■ **TASK STATEMENT**
Print, from the listing below, the lines starting at the line containing "# Sketch6 → Card_Extension_Card_Cut (cut)" and ending at the line containing "# Sketch15 →", exactly as they stand, and print nothing else.

■ **MATERIAL PROVIDED**
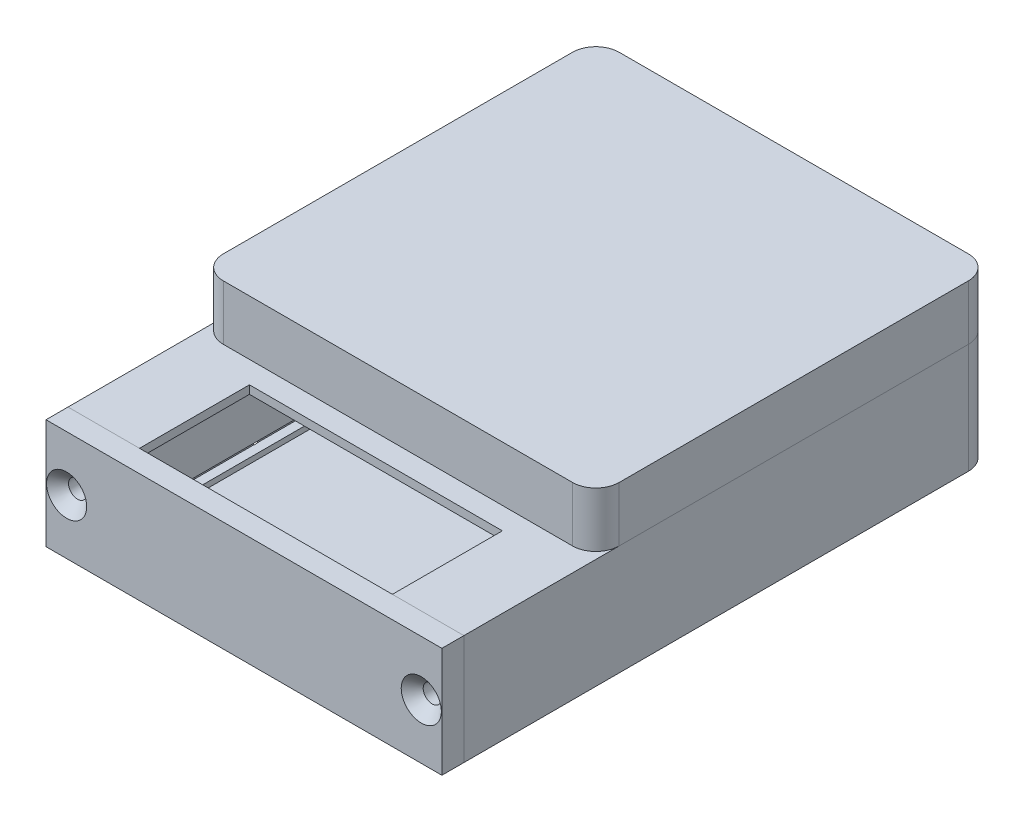
from build123d import *

# Parameters (mm, degrees)
SKETCH2_W                                = 72
SKETCH2_H                                = 72
SKETCH2_R                                = 2.05
SKETCH2_W_2                              = 55
SKETCH2_H_2                              = 55
CARD_EXTENSION_WALLS_DEPTH               = 8
CARD_EXTENSION_TOP_START                 = 8
SKETCH3_W                                = 72
SKETCH3_H                                = 72
CARD_EXTENSION_TOP_DEPTH                 = 2
CARD_EXTENSION_SPRING_CUT_START          = -11
CARD_EXTENSION_SPRING_CUT_DEPTH          = 22
CARD_EXTENSION_SPRING_CUT_02_COUNT       = 2
CARD_EXTENSION_SPRING_CUT_02_ANGLE       = 90
CARD_EXTENSION_CARD_CUT_DEPTH            = 1.5
CARD_EXTENSION_CORNER_FILLETS_R          = 4.25
SPRING_DEPTH                             = 10
PCB_ENCLOSURE_WALLS_DEPTH                = 60
PCB_ENCLOSURE_WALLS_DEPTH_BACK           = 32
SKETCH9_W                                = 72
SKETCH9_H                                = 20
PCB_ENCLOSURE_TOP_START                  = 60
SKETCH14_W                               = 72
SKETCH14_H                               = 20
PCB_ENCLOSURE_TOP_DEPTH                  = 4
PCB_ENCLOSURE_BOT_START                  = -36
PCB_ENCLOSURE_BOT_OUTLINE_W              = 72
PCB_ENCLOSURE_BOT_OUTLINE_H              = 20
PCB_ENCLOSURE_BOT_DEPTH                  = 4
PCB_ENCLOSURE_BOT_PCB_RILLE_START        = -33.65
PCB_ENCLOSURE_BOT_PCB_RILLE_DEPTH        = 1.65
PCB_ENCLOSURE_TOP_PCB_RILLE_START        = -30.15
PCB_ENCLOSURE_TOP_PCB_RILLE_OUTLINE_W    = 1.9
PCB_ENCLOSURE_TOP_PCB_RILLE_OUTLINE_H    = 1.65
PCB_ENCLOSURE_TOP_PCB_RILLE_DEPTH        = 60.3
SKETCH17_W                               = 46
SKETCH17_H                               = 20
PCB_ENCLOSURE_DISPLAY_CUT_DEPTH          = 5
PCB_ENCLOSURE_JUMPER_CUT_START           = -36
SKETCH18_W                               = 25
SKETCH18_H                               = 11
PCB_ENCLOSURE_JUMPER_CUT_DEPTH           = 4
PCB_ENCLOSURE_ENSCHMELZMUTTERN_TOP_START = 60
SKETCH19_R                               = 2.05
PCB_ENCLOSURE_ENSCHMELZMUTTERN_TOP_DEPTH = 8
SKETCH11_R                               = 1.65
PCB_ENCLOSURE_BOHRUNGEN_DEPTH            = 77.105190362
PCB_ENCLOSURE_SCREW_CHAMFERS_SIZE        = 2.2
CUT_EXTRUDE1_START                       = 64
SKETCH21_R                               = 1.65
CUT_EXTRUDE1_DEPTH                       = 94.177581
CHAMFER1_SIZE                            = 2
FILLET2_R                                = 4.25


# Read off the part's stored shape, not the designer's step: Card_Extension_Spring_Cut, PCB_Enclosure_Bot, PCB_Enclosure_Top_PCB_Rille
with BuildPart() as part:
    # Sketch2 → Card_Extension_Walls (new body)
    with BuildSketch(Plane(origin=(0, 0, 0), x_dir=(1, 0, 0), z_dir=(0, 1, 0))):
        Rectangle(SKETCH2_W, SKETCH2_H)
        with Locations(Location((-31.75, -31.75, 0), (0, 0, 270))):
            Circle(SKETCH2_R, mode=Mode.SUBTRACT)
        with Locations(Location((31.75, -31.75, 0), (0, 0, 270))):
            Circle(SKETCH2_R, mode=Mode.SUBTRACT)
        with Locations(Location((31.75, 31.75, 0), (0, 0, 270))):
            Circle(SKETCH2_R, mode=Mode.SUBTRACT)
        with Locations(Location((-31.75, 31.75, 0), (0, 0, 270))):
            Circle(SKETCH2_R, mode=Mode.SUBTRACT)
        Rectangle(SKETCH2_W_2, SKETCH2_H_2, mode=Mode.SUBTRACT)
    extrude(amount=CARD_EXTENSION_WALLS_DEPTH)

    # Sketch3 → Card_Extension_Top (add)
    with BuildSketch(Plane(origin=(0, 0, 0), x_dir=(1, 0, 0), z_dir=(0, 1, 0)).offset(CARD_EXTENSION_TOP_START)):
        Rectangle(SKETCH3_W, SKETCH3_H)
    extrude(amount=CARD_EXTENSION_TOP_DEPTH)

    # Card_Extension_Spring_Cut outline → Card_Extension_Spring_Cut (cut)
    with BuildSketch(Plane.XY.offset(CARD_EXTENSION_SPRING_CUT_START)):
        with BuildLine():
            Line((-27.5, 8), (-31.2, 8))
            ThreePointArc((-31.2, 8), (-32.173685675, 7.227895167), (-31.643796519, 6.103872414))
            ThreePointArc((-31.643796519, 6.103872414), (-29.586991244, 5.125853164), (-27.5, 4.214021414))
            Line((-27.5, 4.214021414), (-27.5, 8))
        make_face()
        with BuildLine():
            Line((31.2, 8), (27.5, 8))
            Line((27.5, 8), (27.5, 4.214021414))
            ThreePointArc((27.5, 4.214021414), (29.586991244, 5.125853164), (31.643796519, 6.103872414))
            ThreePointArc((31.643796519, 6.103872414), (32.173685675, 7.227895167), (31.2, 8))
        make_face()
    card_extension_spring_cut = extrude(amount=CARD_EXTENSION_SPRING_CUT_DEPTH, mode=Mode.SUBTRACT)

    # Card_Extension_Spring_Cut_02: Card_Extension_Spring_Cut ×2 about axis
    card_extension_spring_cut_02_axis = Axis((0, 17.535227834, 0), (0, -1, 0))
    for i in range(1, CARD_EXTENSION_SPRING_CUT_02_COUNT):
        add(card_extension_spring_cut.rotate(card_extension_spring_cut_02_axis, i * CARD_EXTENSION_SPRING_CUT_02_ANGLE / (CARD_EXTENSION_SPRING_CUT_02_COUNT - 1)), mode=Mode.SUBTRACT)

    # Sketch6 → Card_Extension_Card_Cut (cut)
    with BuildSketch(Plane(origin=(0, 0, 0), x_dir=(-1, 0, 0), z_dir=(0, 1, 0))):
        Polygon((27.5, -27.5), (-27.5, -27.5), (-27.5, 27.5), (27.5, 27.5), (36, 27.5), (36, -27.5), align=None)
    extrude(amount=CARD_EXTENSION_CARD_CUT_DEPTH, mode=Mode.SUBTRACT)

    # Card_Extension_Corner_Fillets
    card_extension_corner_fillets_edges = [part.edges().sort_by_distance(p)[0] for p in [
        (-36, 5, 36),
        (-36, 5, -36),
        (36, 5, -36),
        (36, 5, 36),
    ]]
    fillet(card_extension_corner_fillets_edges, radius=CARD_EXTENSION_CORNER_FILLETS_R)


with BuildPart() as body_2:
    # Sketch7 → Spring (new, symmetric)
    with BuildSketch(Plane.XY):
        with BuildLine():
            ThreePointArc((-29.324853436, 7.539979463), (0, 1.83094215), (29.324853436, 7.539979463))
            ThreePointArc((29.324853436, 7.539979463), (30.616576304, 7.012873779), (30.124285714, 5.707485582))
            ThreePointArc((30.124285714, 5.707485582), (0, -1), (-30.124285714, 5.707485582))
            ThreePointArc((-30.124285714, 5.707485582), (-30.616576304, 7.012873779), (-29.324853436, 7.539979463))
        make_face()
    extrude(amount=SPRING_DEPTH, both=True)


with BuildPart() as body_3:
    # Sketch9 → PCB_Enclosure_Walls (new, two sides: drawn at the far end of the back side and taken through both)
    with BuildSketch(Plane.XY.offset(-PCB_ENCLOSURE_WALLS_DEPTH_BACK)):
        with Locations((0, -10)):
            Rectangle(SKETCH9_W, SKETCH9_H)
        Polygon((28.5, -1.5), (28.5, -2.5), (30.15, -2.5), (30.15, -4.4), (28.5, -4.4), (28.5, -15.1), (30.15, -15.1), (30.15, -17), (28.5, -17), (28.5, -18), (-28.5, -18), (-28.5, -17), (-30.15, -17), (-30.15, -15.1), (-28.5, -15.1), (-28.5, -4.4), (-30.15, -4.4), (-30.15, -2.5), (-28.5, -2.5), (-28.5, -1.5), align=None, mode=Mode.SUBTRACT)
    extrude(amount=PCB_ENCLOSURE_WALLS_DEPTH + PCB_ENCLOSURE_WALLS_DEPTH_BACK)

    # PCB_Enclosure_Bot outline → PCB_Enclosure_Bot (add)
    with BuildSketch(Plane.XY.offset(PCB_ENCLOSURE_BOT_START)):
        with Locations((0, -10)):
            Rectangle(PCB_ENCLOSURE_BOT_OUTLINE_W, PCB_ENCLOSURE_BOT_OUTLINE_H)
    extrude(amount=PCB_ENCLOSURE_BOT_DEPTH)

    # Sketch15 → PCB_Enclosure_Bot_PCB_Rille (cut)
    with BuildSketch(Plane.XY.offset(PCB_ENCLOSURE_BOT_PCB_RILLE_START)):
        Polygon((30.15, -17), (28.5, -17), (-28.5, -17), (-30.15, -17), (-30.15, -15.1), (-28.5, -15.1), (28.5, -15.1), (30.15, -15.1), align=None)
        Polygon((30.15, -4.4), (28.5, -4.4), (-28.5, -4.4), (-30.15, -4.4), (-30.15, -2.5), (-28.5, -2.5), (28.5, -2.5), (30.15, -2.5), align=None)
    extrude(amount=PCB_ENCLOSURE_BOT_PCB_RILLE_DEPTH, mode=Mode.SUBTRACT)

    # Sketch17 → PCB_Enclosure_Display_Cut (cut)
    with BuildSketch(Plane(origin=(0, 0, 0), x_dir=(1, 0, 0), z_dir=(0, 1, 0))):
        with Locations((0, -50)):
            Rectangle(SKETCH17_W, SKETCH17_H)
    extrude(amount=-PCB_ENCLOSURE_DISPLAY_CUT_DEPTH, mode=Mode.SUBTRACT)

    # Sketch18 → PCB_Enclosure_Jumper_Cut (cut)
    with BuildSketch(Plane.XY.offset(PCB_ENCLOSURE_JUMPER_CUT_START)):
        with Locations((0, -9.75)):
            Rectangle(SKETCH18_W, SKETCH18_H)
    extrude(amount=PCB_ENCLOSURE_JUMPER_CUT_DEPTH, mode=Mode.SUBTRACT)

    # Sketch19 → PCB_Enclosure_Enschmelzmuttern_Top (cut)
    with BuildSketch(Plane.XY.offset(PCB_ENCLOSURE_ENSCHMELZMUTTERN_TOP_START)):
        with Locations((32.25, -10)):
            Circle(SKETCH19_R)
        with Locations((-32.25, -10)):
            Circle(SKETCH19_R)
    extrude(amount=-PCB_ENCLOSURE_ENSCHMELZMUTTERN_TOP_DEPTH, mode=Mode.SUBTRACT)

    # Sketch11 → PCB_Enclosure_Bohrungen (cut, through all)
    with BuildSketch(Plane(origin=(0, 0, 0), x_dir=(1, 0, 0), z_dir=(0, 1, 0))):
        with Locations(Location((31.75, -31.75, 0), (0, 0, 270))):
            Circle(SKETCH11_R)
        with Locations(Location((-31.75, -31.75, 0), (0, 0, 270))):
            Circle(SKETCH11_R)
        with Locations(Location((31.75, 31.75, 0), (0, 0, 270))):
            Circle(SKETCH11_R)
        with Locations(Location((-31.75, 31.75, 0), (0, 0, 270))):
            Circle(SKETCH11_R)
    extrude(amount=-PCB_ENCLOSURE_BOHRUNGEN_DEPTH, mode=Mode.SUBTRACT)

    # PCB_Enclosure_Screw_Chamfers
    pcb_enclosure_screw_chamfers_edges = [body_3.edges().sort_by_distance(p)[0] for p in [
        (-31.75, -20, 30.1),
        (31.75, -20, -33.4),
        (-31.75, -20, -33.4),
        (31.75, -20, 30.1),
    ]]
    chamfer(pcb_enclosure_screw_chamfers_edges, length=PCB_ENCLOSURE_SCREW_CHAMFERS_SIZE)

    # Fillet2
    fillet2_edges = [body_3.edges().sort_by_distance(p)[0] for p in [
        (-36, -10, -36),
        (36, -10, -36),
    ]]
    fillet(fillet2_edges, radius=FILLET2_R)


with BuildPart() as body_4:
    # Sketch14 → PCB_Enclosure_Top (new body)
    with BuildSketch(Plane.XY.offset(PCB_ENCLOSURE_TOP_START)):
        with Locations((0, -10)):
            Rectangle(SKETCH14_W, SKETCH14_H)
    extrude(amount=PCB_ENCLOSURE_TOP_DEPTH)

    # PCB_Enclosure_Top_PCB_Rille outline → PCB_Enclosure_Top_PCB_Rille (cut)
    with BuildSketch(Plane.YZ.offset(PCB_ENCLOSURE_TOP_PCB_RILLE_START)):
        with Locations((-16.05, 60.825)):
            Rectangle(PCB_ENCLOSURE_TOP_PCB_RILLE_OUTLINE_W, PCB_ENCLOSURE_TOP_PCB_RILLE_OUTLINE_H)
        with Locations((-3.45, 60.825)):
            Rectangle(PCB_ENCLOSURE_TOP_PCB_RILLE_OUTLINE_W, PCB_ENCLOSURE_TOP_PCB_RILLE_OUTLINE_H)
    extrude(amount=PCB_ENCLOSURE_TOP_PCB_RILLE_DEPTH, mode=Mode.SUBTRACT)

    # Sketch21 → Cut-Extrude1 (cut)
    with BuildSketch(Plane.XY.offset(CUT_EXTRUDE1_START)):
        with Locations(Location((32.25, -10, 0), (0, 0, 180))):
            Circle(SKETCH21_R)
        with Locations(Location((-32.25, -10, 0), (0, 0, 180))):
            Circle(SKETCH21_R)
    extrude(amount=-CUT_EXTRUDE1_DEPTH, mode=Mode.SUBTRACT)

    # Chamfer1
    chamfer1_edges = [body_4.edges().sort_by_distance(p)[0] for p in [
        (33.9, -10, 64),
        (-30.6, -10, 64),
    ]]
    chamfer(chamfer1_edges, length=CHAMFER1_SIZE)


solid = Compound([part.part, body_2.part, body_3.part, body_4.part])

■ **TASK OUTPUT**
    # Sketch6 → Card_Extension_Card_Cut (cut)
    with BuildSketch(Plane(origin=(0, 0, 0), x_dir=(-1, 0, 0), z_dir=(0, 1, 0))):
        Polygon((27.5, -27.5), (-27.5, -27.5), (-27.5, 27.5), (27.5, 27.5), (36, 27.5), (36, -27.5), align=None)
    extrude(amount=CARD_EXTENSION_CARD_CUT_DEPTH, mode=Mode.SUBTRACT)

    # Card_Extension_Corner_Fillets
    card_extension_corner_fillets_edges = [part.edges().sort_by_distance(p)[0] for p in [
        (-36, 5, 36),
        (-36, 5, -36),
        (36, 5, -36),
        (36, 5, 36),
    ]]
    fillet(card_extension_corner_fillets_edges, radius=CARD_EXTENSION_CORNER_FILLETS_R)


with BuildPart() as body_2:
    # Sketch7 → Spring (new, symmetric)
    with BuildSketch(Plane.XY):
        with BuildLine():
            ThreePointArc((-29.324853436, 7.539979463), (0, 1.83094215), (29.324853436, 7.539979463))
            ThreePointArc((29.324853436, 7.539979463), (30.616576304, 7.012873779), (30.124285714, 5.707485582))
            ThreePointArc((30.124285714, 5.707485582), (0, -1), (-30.124285714, 5.707485582))
            ThreePointArc((-30.124285714, 5.707485582), (-30.616576304, 7.012873779), (-29.324853436, 7.539979463))
        make_face()
    extrude(amount=SPRING_DEPTH, both=True)


with BuildPart() as body_3:
    # Sketch9 → PCB_Enclosure_Walls (new, two sides: drawn at the far end of the back side and taken through both)
    with BuildSketch(Plane.XY.offset(-PCB_ENCLOSURE_WALLS_DEPTH_BACK)):
        with Locations((0, -10)):
            Rectangle(SKETCH9_W, SKETCH9_H)
        Polygon((28.5, -1.5), (28.5, -2.5), (30.15, -2.5), (30.15, -4.4), (28.5, -4.4), (28.5, -15.1), (30.15, -15.1), (30.15, -17), (28.5, -17), (28.5, -18), (-28.5, -18), (-28.5, -17), (-30.15, -17), (-30.15, -15.1), (-28.5, -15.1), (-28.5, -4.4), (-30.15, -4.4), (-30.15, -2.5), (-28.5, -2.5), (-28.5, -1.5), align=None, mode=Mode.SUBTRACT)
    extrude(amount=PCB_ENCLOSURE_WALLS_DEPTH + PCB_ENCLOSURE_WALLS_DEPTH_BACK)

    # PCB_Enclosure_Bot outline → PCB_Enclosure_Bot (add)
    with BuildSketch(Plane.XY.offset(PCB_ENCLOSURE_BOT_START)):
        with Locations((0, -10)):
            Rectangle(PCB_ENCLOSURE_BOT_OUTLINE_W, PCB_ENCLOSURE_BOT_OUTLINE_H)
    extrude(amount=PCB_ENCLOSURE_BOT_DEPTH)

    # Sketch15 → PCB_Enclosure_Bot_PCB_Rille (cut)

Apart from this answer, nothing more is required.